Чтобы лес стал на рисунке достаточно большим, нельзя рисовать верхушки деревьев без всякого неба. Надо рисовать одни лишь прямые, очень толстые стволы, которые поднимаются ввысь. Земля — это мягкие холмы, что уходят все дальше и дальше и становятся все меньше и меньше, пока лес не покажется бесконечным. Камни тоже есть, но их не видно. Тысячу лет зарастали они мхом, и никто не потревожил его.

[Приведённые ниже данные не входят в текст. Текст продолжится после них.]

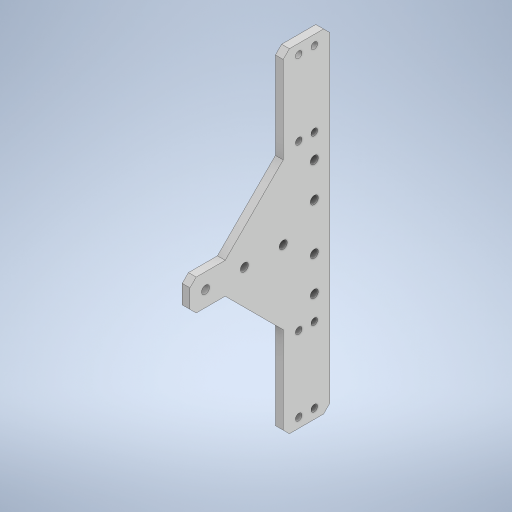
# Autodesk Inventor part: sh_com
Saved by Autodesk Inventor 2024 (Build 280153000, 153)
## iProperties
Created: 2023-08-20
Part Number: sh_com
Material: 常规
Document SubType Name: Modeling
Designer: wya
Density: 1 g/cm^3
Appearance: 默认
Author: wya
Autodesk Inventor part; units mm, degrees
ref_plane "YZ Plane" through (0, 0, 0) normal (1, 0, 0) x (0, 1, 0)
ref_plane "XZ Plane" through (0, 0, 0) normal (0, 1, 0) x (-1, 0, 0)
ref_plane "XY Plane" through (0, 0, 0) normal (0, 0, 1) x (1, 0, 0)
sketch "草图1" plane through (0, 0, 0) normal (1, 0, 0) x (0, 1, 0)
  circle A0 centre (105.203, 9.4452) radius 2.1
  circle A1 centre (-96.838, -0.5548) radius 2.1
  circle A2 centre (-48.638, -0.5548) radius 2.1
  circle A3 centre (105.203, -0.5548) radius 2.1
  circle A4 centre (57.003, 9.4452) radius 2.1
  circle A5 centre (-96.838, 9.4452) radius 2.1
  circle A6 centre (-48.638, 9.4452) radius 2.1
  circle A7 centre (57.003, -0.5548) radius 2.1
  line L0 (10.1825, 79.4452) -> (14.1825, 75.4452)
  line L1 (10.1825, 79.4452) -> (-1.8175, 79.4452)
  line L2 (-5.8175, 75.4452) -> (-1.8175, 79.4452)
  line L3 (-5.8175, 75.4452) -> (-5.8175, 56.7657)
  line L4 (-5.8175, 56.7657) -> (-43.138, 19.4452)
  line L5 (-43.138, 19.4452) -> (-99.138, 19.4452)
  line L6 (-99.138, 19.4452) -> (-103.138, 15.4452)
  line L7 (-103.138, 15.4452) -> (-103.138, -6.5548)
  line L8 (-103.138, -6.5548) -> (-99.138, -10.5548)
  line L9 (-99.138, -10.5548) -> (107.503, -10.5548)
  line L10 (107.503, -10.5548) -> (111.503, -6.5548)
  line L11 (111.503, -6.5548) -> (111.503, 15.4452)
  line L12 (111.503, 15.4452) -> (107.503, 19.4452)
  line L13 (107.503, 19.4452) -> (51.503, 19.4452)
  line L14 (51.503, 19.4452) -> (14.1825, 56.7657)
  line L15 (14.1825, 56.7657) -> (14.1825, 75.4452)
  circle A8 centre (19.1825, -0.5548) radius 2.55
  circle A9 centre (41.503, -0.5548) radius 2.55
  circle A10 centre (4.1825, 19.4452) radius 2.55
  circle A11 centre (-10.8175, -0.5548) radius 2.55
  circle A12 centre (-33.138, -0.5548) radius 2.55
  circle A13 centre (4.1825, 44.4452) radius 2.55
  circle A14 centre (4.1825, 69.4452) radius 2.55
  line L16 (4.1825, -10.5548) -> (4.1825, -0.5548)
  point P0 (0, 0)
  point P1 (-24.5893, 27.5058)
  dimension "d0" = 20
  dimension "d1" = 25
  dimension "d2" = 25
  constraints: 34 end point, 15 centre point, 1 midpoint, 1 vertical, 2 other
  measures "d0" distance between parallel lines of L3 L15
  measures "d1" distance of A13.centre A14.centre
  measures "d2" distance of A10.centre A13.centre
extrude "拉伸1" add sketch "草图1" along normal blind 5

Если ступишь ногой в мох один раз, то образуется глубокая дыра, которая не исчезает целую неделю. Если ступишь туда еще раз, твоя дыра останется навечно. Если в третий раз ступишь в мох, это смерть.
В правильно нарисованном лесу все примерно одного и того же цвета — мох, стволы деревьев и ветки елей, все — какое-то мягкое и серьезное, а иногда в лесной чаще мелькает посредине что-то серое, и бурое, и зеленое, но зелени очень мало. Если хочешь, сажаешь, например, в лес принцессу. Она всегда в белом и очень маленькая, и у нее длинные золотистые волосы. Ее лучше поместить в самом сердце лесной чащи или в золотом сечении. Когда Ион Бауэр умер, принцессы стали современными и любого цвета, какого только захочешь. Они стали просто обыкновенными, пышно разодетыми девочками.